EXERCISE INPUT Block Start

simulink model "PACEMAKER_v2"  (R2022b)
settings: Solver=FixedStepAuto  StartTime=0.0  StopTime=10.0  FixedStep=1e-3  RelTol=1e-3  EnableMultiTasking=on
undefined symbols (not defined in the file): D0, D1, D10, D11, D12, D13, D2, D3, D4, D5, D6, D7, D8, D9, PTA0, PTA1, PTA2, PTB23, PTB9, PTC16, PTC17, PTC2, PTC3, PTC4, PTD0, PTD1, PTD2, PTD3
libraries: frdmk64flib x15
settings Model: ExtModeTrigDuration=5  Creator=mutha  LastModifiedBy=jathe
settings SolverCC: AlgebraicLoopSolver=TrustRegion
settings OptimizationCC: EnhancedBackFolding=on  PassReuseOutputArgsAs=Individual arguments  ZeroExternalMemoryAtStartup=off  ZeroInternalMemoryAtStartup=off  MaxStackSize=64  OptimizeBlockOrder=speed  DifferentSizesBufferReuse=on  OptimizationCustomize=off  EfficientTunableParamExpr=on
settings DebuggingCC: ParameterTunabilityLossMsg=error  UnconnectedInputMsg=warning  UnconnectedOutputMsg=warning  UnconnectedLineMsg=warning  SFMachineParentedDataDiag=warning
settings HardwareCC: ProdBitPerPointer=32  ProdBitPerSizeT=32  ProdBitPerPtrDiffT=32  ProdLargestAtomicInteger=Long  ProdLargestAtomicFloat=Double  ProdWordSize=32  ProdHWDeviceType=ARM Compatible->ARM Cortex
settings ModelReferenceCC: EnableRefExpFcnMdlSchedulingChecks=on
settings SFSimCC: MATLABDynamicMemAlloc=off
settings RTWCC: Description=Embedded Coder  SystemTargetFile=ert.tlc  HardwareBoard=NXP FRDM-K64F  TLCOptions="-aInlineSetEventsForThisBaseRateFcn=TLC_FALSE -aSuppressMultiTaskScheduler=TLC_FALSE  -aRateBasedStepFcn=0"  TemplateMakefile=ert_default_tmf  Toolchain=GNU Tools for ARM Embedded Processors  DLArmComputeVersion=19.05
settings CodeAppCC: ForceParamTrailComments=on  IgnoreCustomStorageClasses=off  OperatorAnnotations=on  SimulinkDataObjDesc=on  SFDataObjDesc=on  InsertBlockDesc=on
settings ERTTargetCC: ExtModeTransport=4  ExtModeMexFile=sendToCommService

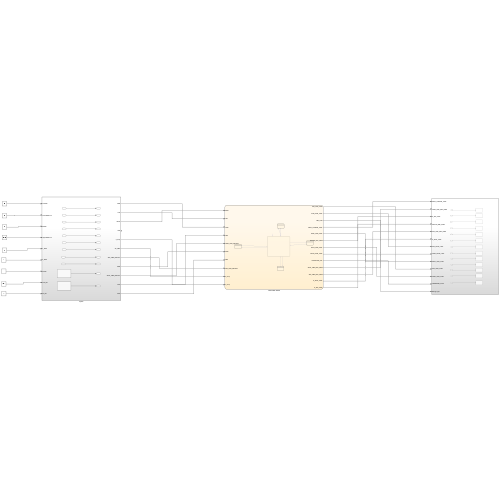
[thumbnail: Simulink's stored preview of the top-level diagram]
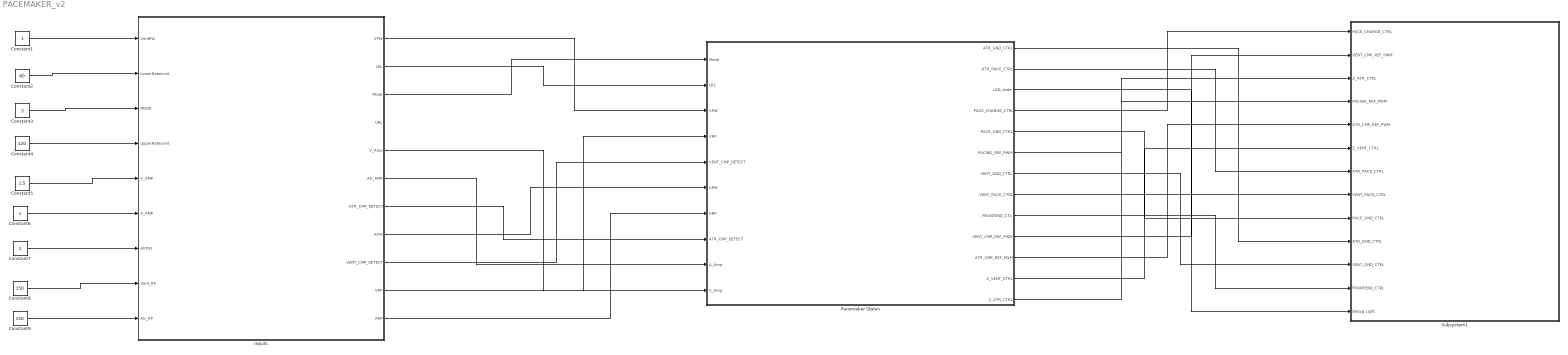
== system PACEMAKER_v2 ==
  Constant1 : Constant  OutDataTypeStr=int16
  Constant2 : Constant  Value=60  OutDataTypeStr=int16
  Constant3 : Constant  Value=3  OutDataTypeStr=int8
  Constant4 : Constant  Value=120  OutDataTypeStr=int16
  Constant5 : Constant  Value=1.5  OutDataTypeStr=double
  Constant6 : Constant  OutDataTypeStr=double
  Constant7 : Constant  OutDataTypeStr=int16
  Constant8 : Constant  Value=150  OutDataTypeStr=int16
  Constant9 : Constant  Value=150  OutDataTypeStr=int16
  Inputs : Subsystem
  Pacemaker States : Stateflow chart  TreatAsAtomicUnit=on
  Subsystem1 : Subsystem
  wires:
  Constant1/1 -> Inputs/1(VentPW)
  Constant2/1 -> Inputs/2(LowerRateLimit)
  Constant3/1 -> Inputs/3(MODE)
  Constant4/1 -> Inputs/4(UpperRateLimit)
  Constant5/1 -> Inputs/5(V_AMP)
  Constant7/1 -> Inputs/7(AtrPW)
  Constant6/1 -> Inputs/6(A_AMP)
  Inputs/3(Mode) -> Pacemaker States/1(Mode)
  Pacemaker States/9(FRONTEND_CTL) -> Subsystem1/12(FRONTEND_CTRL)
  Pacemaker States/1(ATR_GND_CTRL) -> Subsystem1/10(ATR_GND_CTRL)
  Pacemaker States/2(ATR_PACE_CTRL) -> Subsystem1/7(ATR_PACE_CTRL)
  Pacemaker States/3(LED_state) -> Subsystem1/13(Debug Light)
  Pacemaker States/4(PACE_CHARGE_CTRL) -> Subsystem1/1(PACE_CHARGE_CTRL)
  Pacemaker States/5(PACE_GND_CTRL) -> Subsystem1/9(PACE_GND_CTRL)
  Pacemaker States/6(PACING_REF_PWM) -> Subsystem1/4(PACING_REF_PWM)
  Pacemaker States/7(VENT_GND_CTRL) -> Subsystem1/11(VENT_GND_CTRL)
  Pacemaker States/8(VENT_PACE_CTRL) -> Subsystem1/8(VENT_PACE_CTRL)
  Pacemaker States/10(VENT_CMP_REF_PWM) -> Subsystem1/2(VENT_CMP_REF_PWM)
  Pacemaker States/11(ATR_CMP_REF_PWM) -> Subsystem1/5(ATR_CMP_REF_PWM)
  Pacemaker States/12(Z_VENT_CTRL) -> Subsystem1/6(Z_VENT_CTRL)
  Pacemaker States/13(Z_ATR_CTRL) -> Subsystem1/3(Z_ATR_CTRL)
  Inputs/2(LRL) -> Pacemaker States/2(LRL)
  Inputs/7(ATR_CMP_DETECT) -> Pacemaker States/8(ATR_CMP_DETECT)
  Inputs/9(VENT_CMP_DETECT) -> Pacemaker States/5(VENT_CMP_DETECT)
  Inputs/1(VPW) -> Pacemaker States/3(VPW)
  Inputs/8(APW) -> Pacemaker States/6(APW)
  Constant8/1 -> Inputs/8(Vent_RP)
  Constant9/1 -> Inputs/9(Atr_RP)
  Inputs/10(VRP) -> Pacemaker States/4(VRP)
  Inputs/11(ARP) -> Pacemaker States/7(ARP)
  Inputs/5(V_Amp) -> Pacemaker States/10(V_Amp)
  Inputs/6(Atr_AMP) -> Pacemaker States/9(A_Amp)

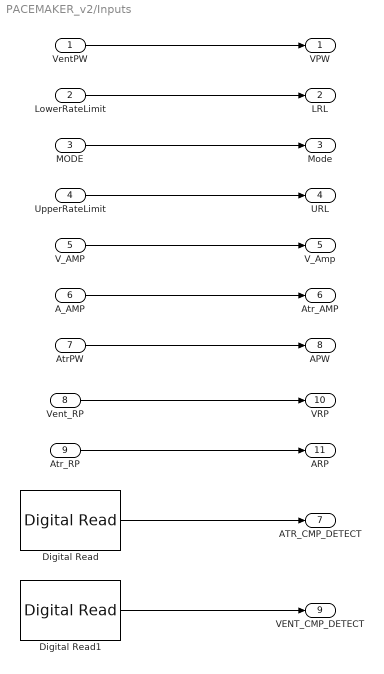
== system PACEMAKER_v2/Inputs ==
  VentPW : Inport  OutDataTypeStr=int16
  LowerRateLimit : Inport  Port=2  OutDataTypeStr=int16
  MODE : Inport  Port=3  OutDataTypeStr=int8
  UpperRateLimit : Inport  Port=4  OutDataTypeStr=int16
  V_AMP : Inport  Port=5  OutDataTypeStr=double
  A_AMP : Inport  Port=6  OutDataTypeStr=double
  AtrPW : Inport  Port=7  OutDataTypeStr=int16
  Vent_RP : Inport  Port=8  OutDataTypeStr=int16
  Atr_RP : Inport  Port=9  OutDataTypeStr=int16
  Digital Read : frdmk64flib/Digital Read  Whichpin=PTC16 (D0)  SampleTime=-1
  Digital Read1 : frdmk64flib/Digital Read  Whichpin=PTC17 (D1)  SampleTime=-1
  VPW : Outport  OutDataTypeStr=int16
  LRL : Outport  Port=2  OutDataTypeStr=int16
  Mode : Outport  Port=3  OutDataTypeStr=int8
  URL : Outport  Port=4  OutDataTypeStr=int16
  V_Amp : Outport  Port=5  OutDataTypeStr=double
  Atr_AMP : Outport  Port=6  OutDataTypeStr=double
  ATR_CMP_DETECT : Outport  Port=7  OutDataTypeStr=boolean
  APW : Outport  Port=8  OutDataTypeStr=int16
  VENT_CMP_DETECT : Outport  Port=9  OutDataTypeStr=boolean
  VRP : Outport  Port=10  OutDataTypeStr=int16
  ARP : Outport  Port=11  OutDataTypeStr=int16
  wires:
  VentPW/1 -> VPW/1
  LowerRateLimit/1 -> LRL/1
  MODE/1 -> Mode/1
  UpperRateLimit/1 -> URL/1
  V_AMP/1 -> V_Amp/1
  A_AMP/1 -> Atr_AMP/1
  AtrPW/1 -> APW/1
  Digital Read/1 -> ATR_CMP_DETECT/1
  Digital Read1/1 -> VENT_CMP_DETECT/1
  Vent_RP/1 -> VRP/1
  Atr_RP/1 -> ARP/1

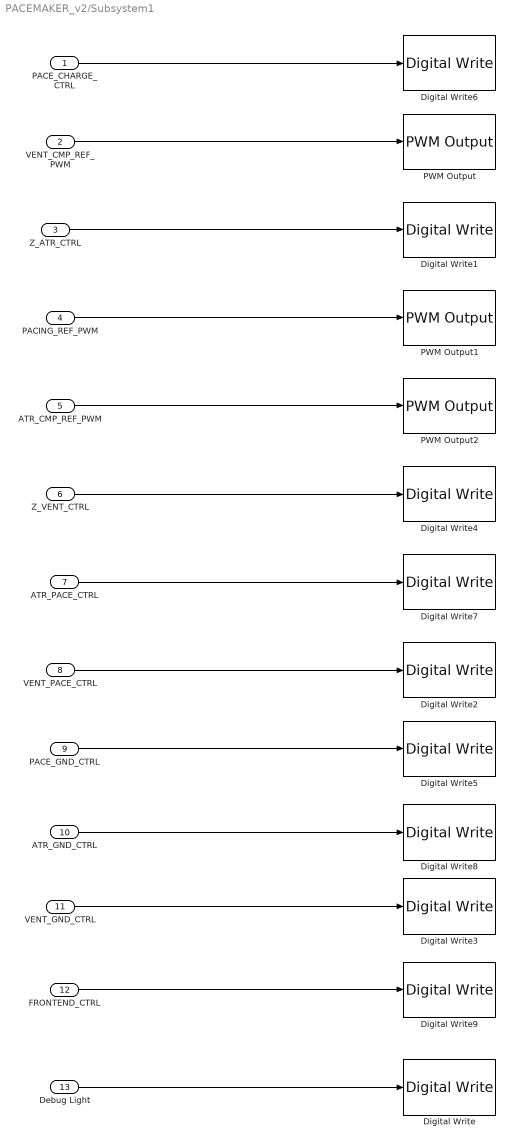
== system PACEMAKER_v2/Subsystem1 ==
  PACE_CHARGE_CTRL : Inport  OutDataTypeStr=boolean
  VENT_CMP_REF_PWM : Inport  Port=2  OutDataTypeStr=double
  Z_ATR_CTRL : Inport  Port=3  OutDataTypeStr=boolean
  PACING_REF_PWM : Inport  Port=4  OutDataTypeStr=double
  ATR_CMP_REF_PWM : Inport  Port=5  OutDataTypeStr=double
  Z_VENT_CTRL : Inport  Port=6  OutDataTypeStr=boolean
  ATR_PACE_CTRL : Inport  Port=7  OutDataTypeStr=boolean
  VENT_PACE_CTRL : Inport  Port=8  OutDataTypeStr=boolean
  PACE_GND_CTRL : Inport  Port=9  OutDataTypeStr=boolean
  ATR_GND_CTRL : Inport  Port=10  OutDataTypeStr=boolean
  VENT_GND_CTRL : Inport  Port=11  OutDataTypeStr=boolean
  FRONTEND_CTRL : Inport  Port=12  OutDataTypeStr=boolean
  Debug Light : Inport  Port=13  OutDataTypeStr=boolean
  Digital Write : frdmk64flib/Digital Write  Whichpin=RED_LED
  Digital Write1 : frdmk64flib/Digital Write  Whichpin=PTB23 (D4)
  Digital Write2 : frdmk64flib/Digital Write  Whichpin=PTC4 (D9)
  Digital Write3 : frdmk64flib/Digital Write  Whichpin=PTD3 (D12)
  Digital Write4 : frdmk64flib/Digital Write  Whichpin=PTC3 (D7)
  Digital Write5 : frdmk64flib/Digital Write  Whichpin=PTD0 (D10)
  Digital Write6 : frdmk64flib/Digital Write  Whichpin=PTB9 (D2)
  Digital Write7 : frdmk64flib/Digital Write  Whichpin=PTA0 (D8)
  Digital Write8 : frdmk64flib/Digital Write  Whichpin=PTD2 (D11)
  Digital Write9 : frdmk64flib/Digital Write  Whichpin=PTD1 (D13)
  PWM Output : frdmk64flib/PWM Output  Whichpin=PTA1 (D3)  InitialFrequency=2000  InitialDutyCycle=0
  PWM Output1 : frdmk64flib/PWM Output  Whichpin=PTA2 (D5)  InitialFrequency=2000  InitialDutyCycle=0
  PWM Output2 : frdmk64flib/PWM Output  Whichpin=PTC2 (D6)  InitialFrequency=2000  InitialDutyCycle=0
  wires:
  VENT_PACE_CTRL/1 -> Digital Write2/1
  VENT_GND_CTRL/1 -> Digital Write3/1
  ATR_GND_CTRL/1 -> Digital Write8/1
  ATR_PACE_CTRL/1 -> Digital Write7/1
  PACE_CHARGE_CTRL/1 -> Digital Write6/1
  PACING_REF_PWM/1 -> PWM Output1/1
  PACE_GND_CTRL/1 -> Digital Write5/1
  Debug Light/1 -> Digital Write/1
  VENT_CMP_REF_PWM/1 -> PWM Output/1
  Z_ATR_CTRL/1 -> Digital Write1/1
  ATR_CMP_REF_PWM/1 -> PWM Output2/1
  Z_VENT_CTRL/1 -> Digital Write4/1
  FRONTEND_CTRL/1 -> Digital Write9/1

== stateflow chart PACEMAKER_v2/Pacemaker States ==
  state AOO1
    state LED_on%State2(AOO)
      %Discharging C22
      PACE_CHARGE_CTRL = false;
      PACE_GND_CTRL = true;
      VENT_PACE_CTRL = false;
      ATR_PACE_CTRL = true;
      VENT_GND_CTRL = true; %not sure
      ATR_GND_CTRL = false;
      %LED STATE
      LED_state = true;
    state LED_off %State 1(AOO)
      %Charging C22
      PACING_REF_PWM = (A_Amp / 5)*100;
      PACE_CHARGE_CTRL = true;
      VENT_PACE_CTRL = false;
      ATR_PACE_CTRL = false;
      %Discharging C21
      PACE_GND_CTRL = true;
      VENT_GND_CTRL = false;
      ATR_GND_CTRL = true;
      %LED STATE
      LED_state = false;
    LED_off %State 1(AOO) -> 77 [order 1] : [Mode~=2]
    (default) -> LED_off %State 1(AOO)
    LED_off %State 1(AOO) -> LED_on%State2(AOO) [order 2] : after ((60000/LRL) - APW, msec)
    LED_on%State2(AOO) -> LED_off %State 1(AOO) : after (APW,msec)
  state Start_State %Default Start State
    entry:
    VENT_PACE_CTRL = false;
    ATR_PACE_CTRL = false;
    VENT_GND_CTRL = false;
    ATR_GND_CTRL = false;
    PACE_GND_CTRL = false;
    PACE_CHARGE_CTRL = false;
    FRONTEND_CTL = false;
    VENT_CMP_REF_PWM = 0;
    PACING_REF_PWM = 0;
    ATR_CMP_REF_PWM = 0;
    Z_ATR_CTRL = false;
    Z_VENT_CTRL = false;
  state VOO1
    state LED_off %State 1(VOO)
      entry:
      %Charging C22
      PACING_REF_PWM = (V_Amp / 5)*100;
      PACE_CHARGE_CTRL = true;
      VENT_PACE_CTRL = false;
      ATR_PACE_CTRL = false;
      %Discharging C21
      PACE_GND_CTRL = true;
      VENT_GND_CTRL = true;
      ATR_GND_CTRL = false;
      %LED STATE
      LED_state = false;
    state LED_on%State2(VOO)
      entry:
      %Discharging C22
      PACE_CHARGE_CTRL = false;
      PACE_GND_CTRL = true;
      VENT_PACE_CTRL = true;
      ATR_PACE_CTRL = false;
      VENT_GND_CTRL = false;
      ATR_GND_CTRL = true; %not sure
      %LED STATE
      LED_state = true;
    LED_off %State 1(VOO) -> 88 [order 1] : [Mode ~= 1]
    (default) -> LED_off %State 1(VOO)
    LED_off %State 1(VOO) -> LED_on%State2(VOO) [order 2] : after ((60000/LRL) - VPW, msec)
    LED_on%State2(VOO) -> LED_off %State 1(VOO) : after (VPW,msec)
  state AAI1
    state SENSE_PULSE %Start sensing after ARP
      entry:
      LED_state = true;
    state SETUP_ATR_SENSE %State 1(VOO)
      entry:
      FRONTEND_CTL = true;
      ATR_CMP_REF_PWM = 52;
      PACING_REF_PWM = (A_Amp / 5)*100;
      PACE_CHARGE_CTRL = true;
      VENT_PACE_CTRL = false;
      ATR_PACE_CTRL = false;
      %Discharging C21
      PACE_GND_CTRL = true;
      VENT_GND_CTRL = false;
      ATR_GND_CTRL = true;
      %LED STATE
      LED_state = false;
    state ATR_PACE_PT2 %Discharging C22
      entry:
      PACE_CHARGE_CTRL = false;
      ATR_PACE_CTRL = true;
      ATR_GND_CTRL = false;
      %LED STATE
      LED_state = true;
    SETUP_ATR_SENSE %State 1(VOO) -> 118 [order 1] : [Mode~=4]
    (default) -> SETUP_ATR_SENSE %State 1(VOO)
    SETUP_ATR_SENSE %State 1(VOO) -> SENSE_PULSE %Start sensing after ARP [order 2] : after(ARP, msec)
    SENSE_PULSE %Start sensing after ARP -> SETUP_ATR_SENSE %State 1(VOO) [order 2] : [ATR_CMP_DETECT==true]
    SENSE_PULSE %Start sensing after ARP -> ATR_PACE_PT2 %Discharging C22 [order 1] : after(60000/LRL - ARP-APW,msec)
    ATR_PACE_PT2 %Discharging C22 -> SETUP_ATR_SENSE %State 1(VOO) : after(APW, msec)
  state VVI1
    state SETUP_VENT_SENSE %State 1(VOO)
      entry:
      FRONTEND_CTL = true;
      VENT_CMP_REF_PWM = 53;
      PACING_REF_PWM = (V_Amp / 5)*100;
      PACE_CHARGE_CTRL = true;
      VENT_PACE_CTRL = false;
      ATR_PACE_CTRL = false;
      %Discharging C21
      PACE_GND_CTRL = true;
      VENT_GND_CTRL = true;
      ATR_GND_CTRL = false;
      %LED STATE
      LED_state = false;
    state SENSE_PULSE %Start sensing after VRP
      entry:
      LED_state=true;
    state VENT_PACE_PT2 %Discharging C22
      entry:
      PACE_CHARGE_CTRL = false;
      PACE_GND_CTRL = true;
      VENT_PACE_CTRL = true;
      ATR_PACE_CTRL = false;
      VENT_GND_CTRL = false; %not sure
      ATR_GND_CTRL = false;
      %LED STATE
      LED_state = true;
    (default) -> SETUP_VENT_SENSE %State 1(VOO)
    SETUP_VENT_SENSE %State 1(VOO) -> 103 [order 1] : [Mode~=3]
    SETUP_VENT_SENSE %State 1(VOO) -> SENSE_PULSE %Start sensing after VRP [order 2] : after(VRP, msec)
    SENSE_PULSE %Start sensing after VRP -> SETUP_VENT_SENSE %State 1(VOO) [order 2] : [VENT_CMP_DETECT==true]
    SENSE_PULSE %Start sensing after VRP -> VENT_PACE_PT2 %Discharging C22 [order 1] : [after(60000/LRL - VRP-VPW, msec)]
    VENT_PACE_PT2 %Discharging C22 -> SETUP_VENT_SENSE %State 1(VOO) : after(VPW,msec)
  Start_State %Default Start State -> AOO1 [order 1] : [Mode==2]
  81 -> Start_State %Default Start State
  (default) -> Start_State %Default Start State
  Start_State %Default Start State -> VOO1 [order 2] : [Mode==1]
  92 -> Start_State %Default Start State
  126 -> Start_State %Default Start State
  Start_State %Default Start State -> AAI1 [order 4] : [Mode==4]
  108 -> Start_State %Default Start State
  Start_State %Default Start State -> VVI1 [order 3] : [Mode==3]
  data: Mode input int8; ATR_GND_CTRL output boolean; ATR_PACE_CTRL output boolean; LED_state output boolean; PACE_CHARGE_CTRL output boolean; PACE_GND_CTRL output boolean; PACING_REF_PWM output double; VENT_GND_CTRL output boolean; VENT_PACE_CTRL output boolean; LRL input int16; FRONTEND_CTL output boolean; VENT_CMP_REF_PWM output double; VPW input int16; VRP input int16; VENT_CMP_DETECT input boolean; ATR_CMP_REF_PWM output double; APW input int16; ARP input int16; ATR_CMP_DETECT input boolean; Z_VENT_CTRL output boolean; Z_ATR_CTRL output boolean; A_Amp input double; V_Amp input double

EXERCISE INPUT Block End

▶ _YOUR GOAL_
Taking the records above, retype every line from the one with "ATR_CMP_DETECT : Outport" down to the one with "Digital Read/1 -> ATR_CMP_DETECT/1", exactly and with nothing else.

▶ _ANSWER BOX_
  ATR_CMP_DETECT : Outport  Port=7  OutDataTypeStr=boolean
  APW : Outport  Port=8  OutDataTypeStr=int16
  VENT_CMP_DETECT : Outport  Port=9  OutDataTypeStr=boolean
  VRP : Outport  Port=10  OutDataTypeStr=int16
  ARP : Outport  Port=11  OutDataTypeStr=int16
  wires:
  VentPW/1 -> VPW/1
  LowerRateLimit/1 -> LRL/1
  MODE/1 -> Mode/1
  UpperRateLimit/1 -> URL/1
  V_AMP/1 -> V_Amp/1
  A_AMP/1 -> Atr_AMP/1
  AtrPW/1 -> APW/1
  Digital Read/1 -> ATR_CMP_DETECT/1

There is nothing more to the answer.